Report each line of the data that has "along" somewhere in it.
- - -
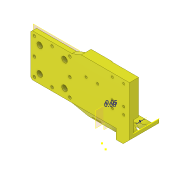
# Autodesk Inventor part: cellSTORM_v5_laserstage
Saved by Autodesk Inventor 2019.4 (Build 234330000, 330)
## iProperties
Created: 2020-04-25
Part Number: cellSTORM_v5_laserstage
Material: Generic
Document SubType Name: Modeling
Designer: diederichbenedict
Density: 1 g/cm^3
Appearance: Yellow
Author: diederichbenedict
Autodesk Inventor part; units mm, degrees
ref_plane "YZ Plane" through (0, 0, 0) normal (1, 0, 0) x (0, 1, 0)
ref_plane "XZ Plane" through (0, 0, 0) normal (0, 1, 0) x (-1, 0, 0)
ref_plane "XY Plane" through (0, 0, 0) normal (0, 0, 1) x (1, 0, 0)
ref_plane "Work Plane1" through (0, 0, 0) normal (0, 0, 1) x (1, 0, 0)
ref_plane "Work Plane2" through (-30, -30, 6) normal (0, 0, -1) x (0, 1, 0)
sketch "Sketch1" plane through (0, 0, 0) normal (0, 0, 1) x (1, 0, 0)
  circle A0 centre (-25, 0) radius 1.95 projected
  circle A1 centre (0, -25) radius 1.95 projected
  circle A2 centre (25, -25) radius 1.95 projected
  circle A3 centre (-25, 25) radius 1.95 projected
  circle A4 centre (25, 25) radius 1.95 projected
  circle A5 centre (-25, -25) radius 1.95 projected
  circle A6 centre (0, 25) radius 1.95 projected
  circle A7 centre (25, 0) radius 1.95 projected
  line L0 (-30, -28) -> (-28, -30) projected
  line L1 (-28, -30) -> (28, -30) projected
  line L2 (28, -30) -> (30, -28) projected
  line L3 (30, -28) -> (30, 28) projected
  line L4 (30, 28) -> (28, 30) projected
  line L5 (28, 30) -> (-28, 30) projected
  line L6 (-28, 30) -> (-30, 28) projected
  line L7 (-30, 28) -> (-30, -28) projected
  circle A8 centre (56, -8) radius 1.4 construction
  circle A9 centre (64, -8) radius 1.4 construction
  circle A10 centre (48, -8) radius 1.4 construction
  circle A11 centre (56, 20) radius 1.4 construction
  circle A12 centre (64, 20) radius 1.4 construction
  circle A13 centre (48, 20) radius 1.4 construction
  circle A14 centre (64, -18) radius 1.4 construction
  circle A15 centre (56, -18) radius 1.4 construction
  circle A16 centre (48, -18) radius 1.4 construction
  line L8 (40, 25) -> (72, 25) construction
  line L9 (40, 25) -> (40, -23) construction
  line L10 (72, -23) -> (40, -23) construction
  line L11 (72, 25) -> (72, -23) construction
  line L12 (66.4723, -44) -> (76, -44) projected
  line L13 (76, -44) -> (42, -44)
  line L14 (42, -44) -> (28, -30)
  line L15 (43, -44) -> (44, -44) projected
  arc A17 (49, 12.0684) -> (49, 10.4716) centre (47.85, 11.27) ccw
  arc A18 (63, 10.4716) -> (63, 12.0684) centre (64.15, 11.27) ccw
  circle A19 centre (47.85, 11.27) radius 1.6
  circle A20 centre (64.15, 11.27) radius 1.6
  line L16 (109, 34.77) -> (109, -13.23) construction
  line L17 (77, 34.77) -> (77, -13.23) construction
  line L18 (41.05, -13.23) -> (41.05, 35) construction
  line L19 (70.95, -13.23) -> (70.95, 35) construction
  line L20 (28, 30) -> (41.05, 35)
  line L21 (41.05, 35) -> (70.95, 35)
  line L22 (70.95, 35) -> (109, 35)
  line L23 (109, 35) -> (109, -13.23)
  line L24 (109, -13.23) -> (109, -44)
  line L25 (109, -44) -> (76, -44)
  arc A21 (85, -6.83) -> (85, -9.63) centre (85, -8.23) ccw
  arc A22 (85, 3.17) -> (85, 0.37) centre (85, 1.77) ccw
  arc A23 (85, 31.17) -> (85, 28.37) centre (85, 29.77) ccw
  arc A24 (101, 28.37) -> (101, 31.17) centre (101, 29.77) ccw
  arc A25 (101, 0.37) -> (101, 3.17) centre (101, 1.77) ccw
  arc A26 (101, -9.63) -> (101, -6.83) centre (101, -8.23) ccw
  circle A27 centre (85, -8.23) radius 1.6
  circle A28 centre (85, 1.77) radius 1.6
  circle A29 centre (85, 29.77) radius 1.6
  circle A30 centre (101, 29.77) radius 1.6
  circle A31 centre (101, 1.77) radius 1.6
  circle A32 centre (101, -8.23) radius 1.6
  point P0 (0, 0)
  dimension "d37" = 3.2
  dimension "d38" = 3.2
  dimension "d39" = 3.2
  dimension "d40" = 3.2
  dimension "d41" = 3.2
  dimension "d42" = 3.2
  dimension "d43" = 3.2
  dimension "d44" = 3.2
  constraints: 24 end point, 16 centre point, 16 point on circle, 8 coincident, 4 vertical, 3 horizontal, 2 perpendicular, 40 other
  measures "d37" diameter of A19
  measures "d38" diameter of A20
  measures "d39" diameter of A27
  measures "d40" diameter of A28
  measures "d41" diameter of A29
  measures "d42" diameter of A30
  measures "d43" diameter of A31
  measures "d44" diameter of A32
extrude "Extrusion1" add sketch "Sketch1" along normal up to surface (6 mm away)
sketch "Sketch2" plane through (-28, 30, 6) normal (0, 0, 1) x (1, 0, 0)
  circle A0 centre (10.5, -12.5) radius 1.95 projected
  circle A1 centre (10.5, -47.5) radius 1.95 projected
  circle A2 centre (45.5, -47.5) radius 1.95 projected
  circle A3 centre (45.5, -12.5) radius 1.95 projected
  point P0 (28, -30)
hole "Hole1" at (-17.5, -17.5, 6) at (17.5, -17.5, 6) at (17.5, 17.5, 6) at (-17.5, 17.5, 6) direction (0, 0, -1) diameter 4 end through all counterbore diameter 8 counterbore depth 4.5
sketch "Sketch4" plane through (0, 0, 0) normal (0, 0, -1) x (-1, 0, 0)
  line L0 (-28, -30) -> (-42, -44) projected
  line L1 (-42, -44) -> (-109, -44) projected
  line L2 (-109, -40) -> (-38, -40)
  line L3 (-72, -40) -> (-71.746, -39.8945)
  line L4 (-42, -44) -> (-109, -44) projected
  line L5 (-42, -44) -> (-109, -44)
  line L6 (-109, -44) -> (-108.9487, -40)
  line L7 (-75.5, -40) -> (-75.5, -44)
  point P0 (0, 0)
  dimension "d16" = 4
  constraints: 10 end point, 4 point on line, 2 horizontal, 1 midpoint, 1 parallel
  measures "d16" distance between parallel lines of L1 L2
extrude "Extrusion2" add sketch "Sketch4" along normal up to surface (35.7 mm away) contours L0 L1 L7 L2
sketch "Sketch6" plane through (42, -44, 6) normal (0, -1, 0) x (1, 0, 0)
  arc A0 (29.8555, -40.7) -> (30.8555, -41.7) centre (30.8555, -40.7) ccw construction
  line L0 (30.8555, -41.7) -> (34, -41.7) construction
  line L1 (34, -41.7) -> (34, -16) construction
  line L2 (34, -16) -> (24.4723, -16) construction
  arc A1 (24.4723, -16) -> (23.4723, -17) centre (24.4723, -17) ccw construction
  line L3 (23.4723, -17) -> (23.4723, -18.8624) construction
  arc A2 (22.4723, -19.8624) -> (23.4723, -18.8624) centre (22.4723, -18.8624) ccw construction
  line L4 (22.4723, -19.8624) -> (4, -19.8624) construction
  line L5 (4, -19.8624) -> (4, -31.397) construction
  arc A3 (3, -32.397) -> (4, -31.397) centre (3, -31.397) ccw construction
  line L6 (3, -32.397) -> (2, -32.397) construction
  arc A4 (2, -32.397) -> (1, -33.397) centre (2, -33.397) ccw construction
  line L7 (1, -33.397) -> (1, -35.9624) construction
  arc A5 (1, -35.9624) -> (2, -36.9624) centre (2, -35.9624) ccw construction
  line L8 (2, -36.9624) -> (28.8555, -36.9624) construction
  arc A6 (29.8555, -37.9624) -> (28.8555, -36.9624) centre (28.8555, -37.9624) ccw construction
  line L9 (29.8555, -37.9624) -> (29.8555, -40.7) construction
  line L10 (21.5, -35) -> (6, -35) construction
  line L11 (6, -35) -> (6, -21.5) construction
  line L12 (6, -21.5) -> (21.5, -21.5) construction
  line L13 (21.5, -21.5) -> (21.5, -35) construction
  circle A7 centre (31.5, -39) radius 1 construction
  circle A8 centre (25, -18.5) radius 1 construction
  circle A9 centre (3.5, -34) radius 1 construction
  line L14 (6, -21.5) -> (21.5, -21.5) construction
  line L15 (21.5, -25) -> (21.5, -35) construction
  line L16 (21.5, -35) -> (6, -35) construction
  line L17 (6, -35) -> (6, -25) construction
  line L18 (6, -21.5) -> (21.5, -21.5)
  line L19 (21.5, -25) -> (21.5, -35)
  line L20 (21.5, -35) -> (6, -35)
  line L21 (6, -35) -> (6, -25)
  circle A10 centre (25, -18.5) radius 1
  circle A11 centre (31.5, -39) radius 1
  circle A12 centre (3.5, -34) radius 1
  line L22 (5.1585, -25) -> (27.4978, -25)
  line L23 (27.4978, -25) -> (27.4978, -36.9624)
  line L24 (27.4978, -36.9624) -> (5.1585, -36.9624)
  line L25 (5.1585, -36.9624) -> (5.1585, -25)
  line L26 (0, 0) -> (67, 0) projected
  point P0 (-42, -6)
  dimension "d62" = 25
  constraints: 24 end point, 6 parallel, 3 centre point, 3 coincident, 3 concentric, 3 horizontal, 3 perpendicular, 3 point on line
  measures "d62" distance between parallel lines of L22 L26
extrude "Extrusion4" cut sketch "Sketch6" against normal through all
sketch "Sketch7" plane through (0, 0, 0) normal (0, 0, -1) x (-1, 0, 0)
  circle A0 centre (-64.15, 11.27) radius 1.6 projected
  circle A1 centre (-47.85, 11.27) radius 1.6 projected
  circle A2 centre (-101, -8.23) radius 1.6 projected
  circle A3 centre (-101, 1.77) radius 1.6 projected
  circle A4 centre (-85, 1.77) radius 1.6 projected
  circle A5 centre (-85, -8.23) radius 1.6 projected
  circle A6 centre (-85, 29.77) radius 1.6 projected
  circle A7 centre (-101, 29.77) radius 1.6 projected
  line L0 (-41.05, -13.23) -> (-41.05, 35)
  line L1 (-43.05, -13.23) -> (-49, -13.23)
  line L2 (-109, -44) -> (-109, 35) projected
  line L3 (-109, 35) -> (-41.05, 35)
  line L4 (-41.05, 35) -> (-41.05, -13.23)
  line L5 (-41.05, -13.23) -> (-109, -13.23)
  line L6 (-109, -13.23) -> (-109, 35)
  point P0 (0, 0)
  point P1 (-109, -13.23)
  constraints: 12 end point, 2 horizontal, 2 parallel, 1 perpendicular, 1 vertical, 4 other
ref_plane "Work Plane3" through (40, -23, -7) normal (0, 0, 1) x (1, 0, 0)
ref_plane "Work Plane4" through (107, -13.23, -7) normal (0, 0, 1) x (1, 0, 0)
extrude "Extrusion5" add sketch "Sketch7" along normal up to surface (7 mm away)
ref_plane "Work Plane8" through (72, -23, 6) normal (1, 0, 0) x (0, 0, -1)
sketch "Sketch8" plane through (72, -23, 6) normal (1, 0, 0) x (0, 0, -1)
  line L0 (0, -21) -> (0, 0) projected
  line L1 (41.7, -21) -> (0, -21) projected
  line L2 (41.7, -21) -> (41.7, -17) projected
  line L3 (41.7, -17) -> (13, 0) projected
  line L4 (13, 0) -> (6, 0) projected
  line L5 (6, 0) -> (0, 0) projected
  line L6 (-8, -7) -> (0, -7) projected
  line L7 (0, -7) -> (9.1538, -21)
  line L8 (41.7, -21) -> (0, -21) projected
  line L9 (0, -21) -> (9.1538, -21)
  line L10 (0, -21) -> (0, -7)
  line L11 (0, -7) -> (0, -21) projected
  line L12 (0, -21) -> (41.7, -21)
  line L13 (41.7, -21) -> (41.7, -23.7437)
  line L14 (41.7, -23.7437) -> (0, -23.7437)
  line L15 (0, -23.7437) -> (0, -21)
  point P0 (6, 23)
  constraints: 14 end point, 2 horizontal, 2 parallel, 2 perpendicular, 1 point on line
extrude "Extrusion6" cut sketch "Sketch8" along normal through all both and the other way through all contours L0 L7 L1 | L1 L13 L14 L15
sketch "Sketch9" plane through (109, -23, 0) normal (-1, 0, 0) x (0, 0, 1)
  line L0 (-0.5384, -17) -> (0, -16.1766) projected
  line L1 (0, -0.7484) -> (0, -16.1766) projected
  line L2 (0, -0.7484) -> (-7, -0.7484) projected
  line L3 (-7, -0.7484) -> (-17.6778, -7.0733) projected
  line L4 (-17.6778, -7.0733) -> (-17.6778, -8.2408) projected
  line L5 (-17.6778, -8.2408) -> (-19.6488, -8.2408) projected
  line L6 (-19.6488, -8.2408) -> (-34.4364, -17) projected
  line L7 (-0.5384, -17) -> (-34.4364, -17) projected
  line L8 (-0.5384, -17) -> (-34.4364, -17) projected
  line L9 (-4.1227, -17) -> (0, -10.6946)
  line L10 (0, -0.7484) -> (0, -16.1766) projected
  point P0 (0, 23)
- - -
_SOLUTION TO THIS EXERCISE_.
extrude "Extrusion1" add sketch "Sketch1" along normal up to surface (6 mm away)
extrude "Extrusion2" add sketch "Sketch4" along normal up to surface (35.7 mm away) contours L0 L1 L7 L2
extrude "Extrusion5" add sketch "Sketch7" along normal up to surface (7 mm away)
extrude "Extrusion6" cut sketch "Sketch8" along normal through all both and the other way through all contours L0 L7 L1 | L1 L13 L14 L15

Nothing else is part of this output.